| EXERCISE OBJECTIVE |
Pictures aside, repeat the listing below exactly.

--------

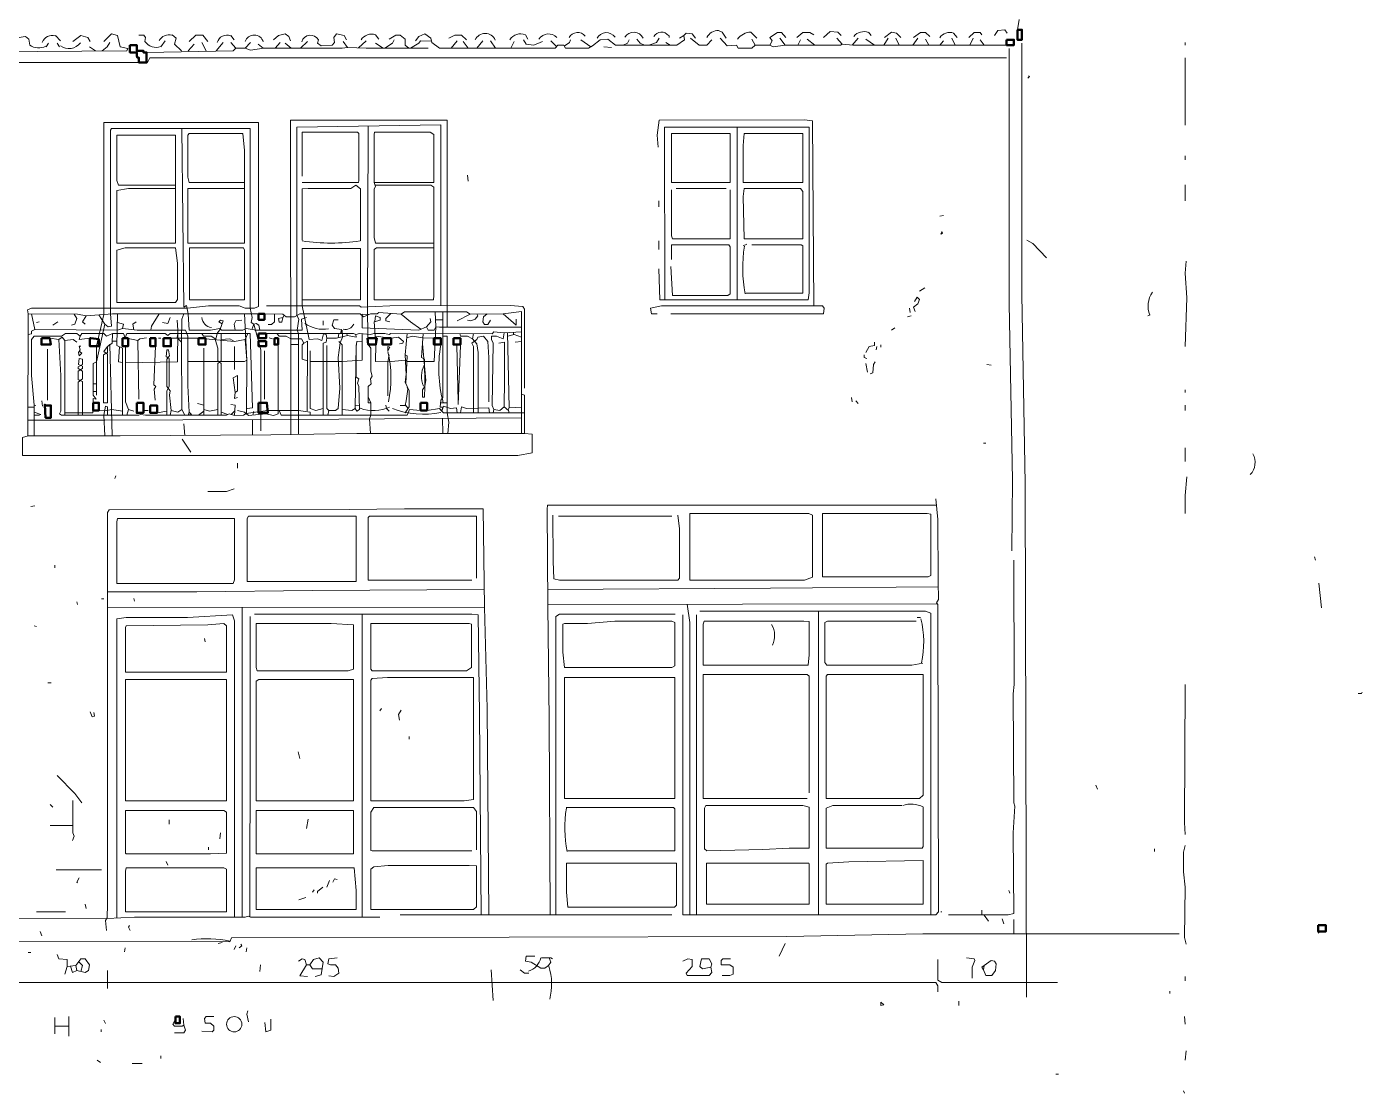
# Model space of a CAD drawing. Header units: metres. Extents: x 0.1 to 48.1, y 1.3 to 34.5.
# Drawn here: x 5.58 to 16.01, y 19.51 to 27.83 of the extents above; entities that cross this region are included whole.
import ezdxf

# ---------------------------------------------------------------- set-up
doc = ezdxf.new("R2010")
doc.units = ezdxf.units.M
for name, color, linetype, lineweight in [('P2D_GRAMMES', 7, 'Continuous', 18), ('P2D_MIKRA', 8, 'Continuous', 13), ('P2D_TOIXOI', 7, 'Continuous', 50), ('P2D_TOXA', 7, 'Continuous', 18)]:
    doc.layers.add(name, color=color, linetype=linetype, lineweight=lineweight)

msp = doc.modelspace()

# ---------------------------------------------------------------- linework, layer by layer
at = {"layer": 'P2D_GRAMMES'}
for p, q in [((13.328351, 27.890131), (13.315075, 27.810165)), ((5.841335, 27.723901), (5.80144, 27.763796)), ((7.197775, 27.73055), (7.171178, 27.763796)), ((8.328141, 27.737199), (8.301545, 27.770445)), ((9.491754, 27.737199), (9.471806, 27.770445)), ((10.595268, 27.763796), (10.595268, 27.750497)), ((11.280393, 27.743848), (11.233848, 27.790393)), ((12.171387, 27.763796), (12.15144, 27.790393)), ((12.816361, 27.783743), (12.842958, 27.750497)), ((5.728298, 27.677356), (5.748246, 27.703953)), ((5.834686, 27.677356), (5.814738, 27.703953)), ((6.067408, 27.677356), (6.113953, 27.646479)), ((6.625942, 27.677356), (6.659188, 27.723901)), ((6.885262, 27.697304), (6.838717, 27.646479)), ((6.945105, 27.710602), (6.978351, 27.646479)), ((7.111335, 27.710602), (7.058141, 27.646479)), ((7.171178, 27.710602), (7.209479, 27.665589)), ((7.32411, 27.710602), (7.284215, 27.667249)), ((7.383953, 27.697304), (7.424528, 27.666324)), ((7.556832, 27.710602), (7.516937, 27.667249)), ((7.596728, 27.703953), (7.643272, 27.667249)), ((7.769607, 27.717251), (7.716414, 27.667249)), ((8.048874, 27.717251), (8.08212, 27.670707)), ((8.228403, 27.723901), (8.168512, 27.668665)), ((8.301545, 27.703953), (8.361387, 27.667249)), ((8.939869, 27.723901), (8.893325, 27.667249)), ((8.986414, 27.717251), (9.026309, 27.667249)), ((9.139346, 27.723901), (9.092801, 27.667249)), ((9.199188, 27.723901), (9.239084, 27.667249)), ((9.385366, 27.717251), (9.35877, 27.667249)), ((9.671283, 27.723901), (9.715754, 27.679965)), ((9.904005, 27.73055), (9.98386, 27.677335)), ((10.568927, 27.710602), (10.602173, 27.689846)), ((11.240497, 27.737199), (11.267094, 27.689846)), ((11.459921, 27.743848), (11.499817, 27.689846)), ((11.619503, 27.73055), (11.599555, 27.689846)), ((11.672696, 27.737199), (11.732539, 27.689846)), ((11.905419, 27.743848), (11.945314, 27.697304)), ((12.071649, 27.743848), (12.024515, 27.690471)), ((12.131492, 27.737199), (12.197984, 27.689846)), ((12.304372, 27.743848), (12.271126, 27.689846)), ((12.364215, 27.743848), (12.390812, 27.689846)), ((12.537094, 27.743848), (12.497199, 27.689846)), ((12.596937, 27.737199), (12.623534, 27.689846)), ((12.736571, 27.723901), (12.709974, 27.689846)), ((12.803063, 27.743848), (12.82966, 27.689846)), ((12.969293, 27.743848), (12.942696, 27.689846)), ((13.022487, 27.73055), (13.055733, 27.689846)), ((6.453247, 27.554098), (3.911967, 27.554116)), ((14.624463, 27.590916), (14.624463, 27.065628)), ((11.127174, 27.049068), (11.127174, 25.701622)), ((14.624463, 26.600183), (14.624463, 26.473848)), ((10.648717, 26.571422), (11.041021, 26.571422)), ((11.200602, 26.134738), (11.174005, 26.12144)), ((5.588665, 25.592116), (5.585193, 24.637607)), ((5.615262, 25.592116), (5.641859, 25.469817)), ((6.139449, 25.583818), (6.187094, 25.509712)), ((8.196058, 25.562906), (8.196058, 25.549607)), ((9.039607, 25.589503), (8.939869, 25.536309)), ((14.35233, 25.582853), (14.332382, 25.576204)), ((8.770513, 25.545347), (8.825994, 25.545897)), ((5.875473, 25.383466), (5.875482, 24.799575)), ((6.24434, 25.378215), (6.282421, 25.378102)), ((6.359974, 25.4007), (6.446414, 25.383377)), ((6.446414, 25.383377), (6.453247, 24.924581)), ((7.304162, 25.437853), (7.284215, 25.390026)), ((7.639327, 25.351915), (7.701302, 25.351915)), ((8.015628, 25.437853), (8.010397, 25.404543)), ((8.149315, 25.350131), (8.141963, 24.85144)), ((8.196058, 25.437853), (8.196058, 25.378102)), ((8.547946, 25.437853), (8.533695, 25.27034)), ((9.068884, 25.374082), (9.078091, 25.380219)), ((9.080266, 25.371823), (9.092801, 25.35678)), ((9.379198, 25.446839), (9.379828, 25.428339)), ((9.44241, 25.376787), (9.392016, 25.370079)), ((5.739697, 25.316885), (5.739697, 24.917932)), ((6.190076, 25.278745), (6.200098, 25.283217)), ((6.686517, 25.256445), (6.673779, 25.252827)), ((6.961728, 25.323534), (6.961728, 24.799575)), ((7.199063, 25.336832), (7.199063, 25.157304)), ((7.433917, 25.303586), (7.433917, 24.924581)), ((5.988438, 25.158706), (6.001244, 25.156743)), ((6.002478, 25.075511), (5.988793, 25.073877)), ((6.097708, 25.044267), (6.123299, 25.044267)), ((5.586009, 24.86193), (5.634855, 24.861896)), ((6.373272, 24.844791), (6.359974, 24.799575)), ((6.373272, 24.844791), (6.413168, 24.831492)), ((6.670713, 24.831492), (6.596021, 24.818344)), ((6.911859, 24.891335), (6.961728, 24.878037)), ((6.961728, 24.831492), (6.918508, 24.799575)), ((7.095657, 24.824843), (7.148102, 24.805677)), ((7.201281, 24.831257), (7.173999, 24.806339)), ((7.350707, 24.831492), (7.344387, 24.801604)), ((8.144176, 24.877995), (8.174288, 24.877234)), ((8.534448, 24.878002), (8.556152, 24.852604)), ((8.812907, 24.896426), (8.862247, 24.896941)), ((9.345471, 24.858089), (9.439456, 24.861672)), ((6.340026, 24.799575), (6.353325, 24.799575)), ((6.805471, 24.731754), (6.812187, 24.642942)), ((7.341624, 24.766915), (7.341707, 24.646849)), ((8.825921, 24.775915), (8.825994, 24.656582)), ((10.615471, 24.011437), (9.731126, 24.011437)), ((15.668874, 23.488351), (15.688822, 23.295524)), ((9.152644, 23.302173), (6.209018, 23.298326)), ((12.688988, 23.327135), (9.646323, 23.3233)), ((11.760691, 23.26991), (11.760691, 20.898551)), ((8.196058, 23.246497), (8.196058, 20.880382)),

--------

| YOUR SOLUTION |
# Model space of a CAD drawing. Header units: metres. Extents: x 0.1 to 48.1, y 1.3 to 34.5.
# Drawn here: x 5.58 to 16.01, y 19.51 to 27.83 of the extents above; entities that cross this region are included whole.
import ezdxf

# ---------------------------------------------------------------- set-up
doc = ezdxf.new("R2010")
doc.units = ezdxf.units.M
for name, color, linetype, lineweight in [('P2D_GRAMMES', 7, 'Continuous', 18), ('P2D_MIKRA', 8, 'Continuous', 13), ('P2D_TOIXOI', 7, 'Continuous', 50), ('P2D_TOXA', 7, 'Continuous', 18)]:
    doc.layers.add(name, color=color, linetype=linetype, lineweight=lineweight)

msp = doc.modelspace()

# ---------------------------------------------------------------- linework, layer by layer
at = {"layer": 'P2D_GRAMMES'}
for p, q in [((13.328351, 27.890131), (13.315075, 27.810165)), ((5.841335, 27.723901), (5.80144, 27.763796)), ((7.197775, 27.73055), (7.171178, 27.763796)), ((8.328141, 27.737199), (8.301545, 27.770445)), ((9.491754, 27.737199), (9.471806, 27.770445)), ((10.595268, 27.763796), (10.595268, 27.750497)), ((11.280393, 27.743848), (11.233848, 27.790393)), ((12.171387, 27.763796), (12.15144, 27.790393)), ((12.816361, 27.783743), (12.842958, 27.750497)), ((5.728298, 27.677356), (5.748246, 27.703953)), ((5.834686, 27.677356), (5.814738, 27.703953)), ((6.067408, 27.677356), (6.113953, 27.646479)), ((6.625942, 27.677356), (6.659188, 27.723901)), ((6.885262, 27.697304), (6.838717, 27.646479)), ((6.945105, 27.710602), (6.978351, 27.646479)), ((7.111335, 27.710602), (7.058141, 27.646479)), ((7.171178, 27.710602), (7.209479, 27.665589)), ((7.32411, 27.710602), (7.284215, 27.667249)), ((7.383953, 27.697304), (7.424528, 27.666324)), ((7.556832, 27.710602), (7.516937, 27.667249)), ((7.596728, 27.703953), (7.643272, 27.667249)), ((7.769607, 27.717251), (7.716414, 27.667249)), ((8.048874, 27.717251), (8.08212, 27.670707)), ((8.228403, 27.723901), (8.168512, 27.668665)), ((8.301545, 27.703953), (8.361387, 27.667249)), ((8.939869, 27.723901), (8.893325, 27.667249)), ((8.986414, 27.717251), (9.026309, 27.667249)), ((9.139346, 27.723901), (9.092801, 27.667249)), ((9.199188, 27.723901), (9.239084, 27.667249)), ((9.385366, 27.717251), (9.35877, 27.667249)), ((9.671283, 27.723901), (9.715754, 27.679965)), ((9.904005, 27.73055), (9.98386, 27.677335)), ((10.568927, 27.710602), (10.602173, 27.689846)), ((11.240497, 27.737199), (11.267094, 27.689846)), ((11.459921, 27.743848), (11.499817, 27.689846)), ((11.619503, 27.73055), (11.599555, 27.689846)), ((11.672696, 27.737199), (11.732539, 27.689846)), ((11.905419, 27.743848), (11.945314, 27.697304)), ((12.071649, 27.743848), (12.024515, 27.690471)), ((12.131492, 27.737199), (12.197984, 27.689846)), ((12.304372, 27.743848), (12.271126, 27.689846)), ((12.364215, 27.743848), (12.390812, 27.689846)), ((12.537094, 27.743848), (12.497199, 27.689846)), ((12.596937, 27.737199), (12.623534, 27.689846)), ((12.736571, 27.723901), (12.709974, 27.689846)), ((12.803063, 27.743848), (12.82966, 27.689846)), ((12.969293, 27.743848), (12.942696, 27.689846)), ((13.022487, 27.73055), (13.055733, 27.689846)), ((6.453247, 27.554098), (3.911967, 27.554116)), ((14.624463, 27.590916), (14.624463, 27.065628)), ((11.127174, 27.049068), (11.127174, 25.701622)), ((14.624463, 26.600183), (14.624463, 26.473848)), ((10.648717, 26.571422), (11.041021, 26.571422)), ((11.200602, 26.134738), (11.174005, 26.12144)), ((5.588665, 25.592116), (5.585193, 24.637607)), ((5.615262, 25.592116), (5.641859, 25.469817)), ((6.139449, 25.583818), (6.187094, 25.509712)), ((8.196058, 25.562906), (8.196058, 25.549607)), ((9.039607, 25.589503), (8.939869, 25.536309)), ((14.35233, 25.582853), (14.332382, 25.576204)), ((8.770513, 25.545347), (8.825994, 25.545897)), ((5.875473, 25.383466), (5.875482, 24.799575)), ((6.24434, 25.378215), (6.282421, 25.378102)), ((6.359974, 25.4007), (6.446414, 25.383377)), ((6.446414, 25.383377), (6.453247, 24.924581)), ((7.304162, 25.437853), (7.284215, 25.390026)), ((7.639327, 25.351915), (7.701302, 25.351915)), ((8.015628, 25.437853), (8.010397, 25.404543)), ((8.149315, 25.350131), (8.141963, 24.85144)), ((8.196058, 25.437853), (8.196058, 25.378102)), ((8.547946, 25.437853), (8.533695, 25.27034)), ((9.068884, 25.374082), (9.078091, 25.380219)), ((9.080266, 25.371823), (9.092801, 25.35678)), ((9.379198, 25.446839), (9.379828, 25.428339)), ((9.44241, 25.376787), (9.392016, 25.370079)), ((5.739697, 25.316885), (5.739697, 24.917932)), ((6.190076, 25.278745), (6.200098, 25.283217)), ((6.686517, 25.256445), (6.673779, 25.252827)), ((6.961728, 25.323534), (6.961728, 24.799575)), ((7.199063, 25.336832), (7.199063, 25.157304)), ((7.433917, 25.303586), (7.433917, 24.924581)), ((5.988438, 25.158706), (6.001244, 25.156743)), ((6.002478, 25.075511), (5.988793, 25.073877)), ((6.097708, 25.044267), (6.123299, 25.044267)), ((5.586009, 24.86193), (5.634855, 24.861896)), ((6.373272, 24.844791), (6.359974, 24.799575)), ((6.373272, 24.844791), (6.413168, 24.831492)), ((6.670713, 24.831492), (6.596021, 24.818344)), ((6.911859, 24.891335), (6.961728, 24.878037)), ((6.961728, 24.831492), (6.918508, 24.799575)), ((7.095657, 24.824843), (7.148102, 24.805677)), ((7.201281, 24.831257), (7.173999, 24.806339)), ((7.350707, 24.831492), (7.344387, 24.801604)), ((8.144176, 24.877995), (8.174288, 24.877234)), ((8.534448, 24.878002), (8.556152, 24.852604)), ((8.812907, 24.896426), (8.862247, 24.896941)), ((9.345471, 24.858089), (9.439456, 24.861672)), ((6.340026, 24.799575), (6.353325, 24.799575)), ((6.805471, 24.731754), (6.812187, 24.642942)), ((7.341624, 24.766915), (7.341707, 24.646849)), ((8.825921, 24.775915), (8.825994, 24.656582)), ((10.615471, 24.011437), (9.731126, 24.011437)), ((15.668874, 23.488351), (15.688822, 23.295524)), ((9.152644, 23.302173), (6.209018, 23.298326)), ((12.688988, 23.327135), (9.646323, 23.3233)), ((11.760691, 23.26991), (11.760691, 20.898551)), ((8.196058, 23.246497), (8.196058, 20.880382)),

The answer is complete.